To do —
In the data below, find the line that contains "as AddressBookParser LOGIC_COLOR" and the line that contains "AddCommandParser --> AddressBookParser : throws". Copy both, plus every line between them, exactly.

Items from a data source
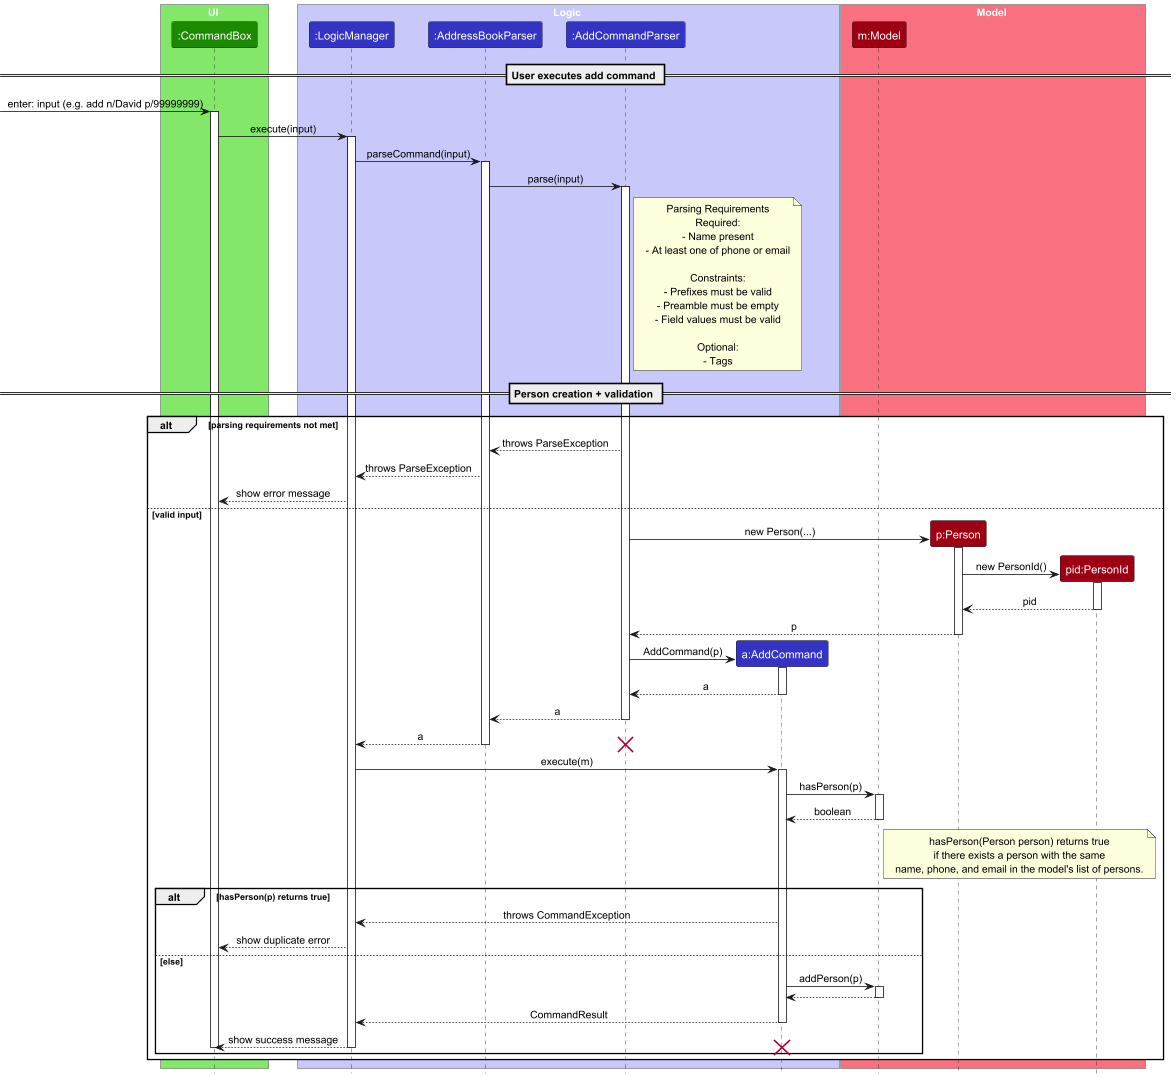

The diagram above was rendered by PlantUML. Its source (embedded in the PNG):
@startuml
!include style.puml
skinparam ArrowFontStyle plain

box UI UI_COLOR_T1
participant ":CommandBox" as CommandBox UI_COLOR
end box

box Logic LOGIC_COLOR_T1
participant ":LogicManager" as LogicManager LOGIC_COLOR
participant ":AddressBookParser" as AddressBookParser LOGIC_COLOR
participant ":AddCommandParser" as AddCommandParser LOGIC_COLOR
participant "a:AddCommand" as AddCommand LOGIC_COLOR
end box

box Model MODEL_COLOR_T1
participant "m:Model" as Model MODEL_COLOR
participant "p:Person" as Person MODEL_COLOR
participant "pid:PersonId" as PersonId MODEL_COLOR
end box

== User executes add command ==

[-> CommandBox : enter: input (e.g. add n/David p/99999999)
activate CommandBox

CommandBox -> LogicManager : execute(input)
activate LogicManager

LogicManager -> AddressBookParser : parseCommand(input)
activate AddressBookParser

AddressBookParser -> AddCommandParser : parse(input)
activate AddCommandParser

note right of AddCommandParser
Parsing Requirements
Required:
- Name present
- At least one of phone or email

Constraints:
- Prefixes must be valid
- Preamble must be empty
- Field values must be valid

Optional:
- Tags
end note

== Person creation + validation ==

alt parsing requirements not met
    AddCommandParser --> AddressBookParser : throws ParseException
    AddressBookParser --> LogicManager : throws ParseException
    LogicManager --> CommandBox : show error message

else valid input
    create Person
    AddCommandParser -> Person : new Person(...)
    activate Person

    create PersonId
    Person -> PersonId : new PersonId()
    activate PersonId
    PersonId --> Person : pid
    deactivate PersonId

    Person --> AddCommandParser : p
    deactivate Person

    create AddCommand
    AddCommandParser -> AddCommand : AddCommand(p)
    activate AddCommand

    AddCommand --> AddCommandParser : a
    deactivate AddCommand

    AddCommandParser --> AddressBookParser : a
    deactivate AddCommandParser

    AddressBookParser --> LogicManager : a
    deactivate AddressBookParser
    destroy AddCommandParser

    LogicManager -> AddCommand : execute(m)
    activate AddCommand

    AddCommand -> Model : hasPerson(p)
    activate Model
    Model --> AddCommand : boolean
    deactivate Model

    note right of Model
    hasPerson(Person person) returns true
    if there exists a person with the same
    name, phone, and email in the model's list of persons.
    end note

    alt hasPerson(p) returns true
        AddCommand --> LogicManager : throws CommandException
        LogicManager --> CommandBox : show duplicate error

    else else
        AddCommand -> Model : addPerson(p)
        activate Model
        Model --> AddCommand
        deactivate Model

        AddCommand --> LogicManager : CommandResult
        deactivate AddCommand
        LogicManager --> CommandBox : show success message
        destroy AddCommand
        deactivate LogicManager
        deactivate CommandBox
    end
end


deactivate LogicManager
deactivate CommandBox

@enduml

Response to the exercise —
participant ":AddressBookParser" as AddressBookParser LOGIC_COLOR
participant ":AddCommandParser" as AddCommandParser LOGIC_COLOR
participant "a:AddCommand" as AddCommand LOGIC_COLOR
end box

box Model MODEL_COLOR_T1
participant "m:Model" as Model MODEL_COLOR
participant "p:Person" as Person MODEL_COLOR
participant "pid:PersonId" as PersonId MODEL_COLOR
end box

== User executes add command ==

[-> CommandBox : enter: input (e.g. add n/David p/99999999)
activate CommandBox

CommandBox -> LogicManager : execute(input)
activate LogicManager

LogicManager -> AddressBookParser : parseCommand(input)
activate AddressBookParser

AddressBookParser -> AddCommandParser : parse(input)
activate AddCommandParser

note right of AddCommandParser
Parsing Requirements
Required:
- Name present
- At least one of phone or email

Constraints:
- Prefixes must be valid
- Preamble must be empty
- Field values must be valid

Optional:
- Tags
end note

== Person creation + validation ==

alt parsing requirements not met
    AddCommandParser --> AddressBookParser : throws ParseException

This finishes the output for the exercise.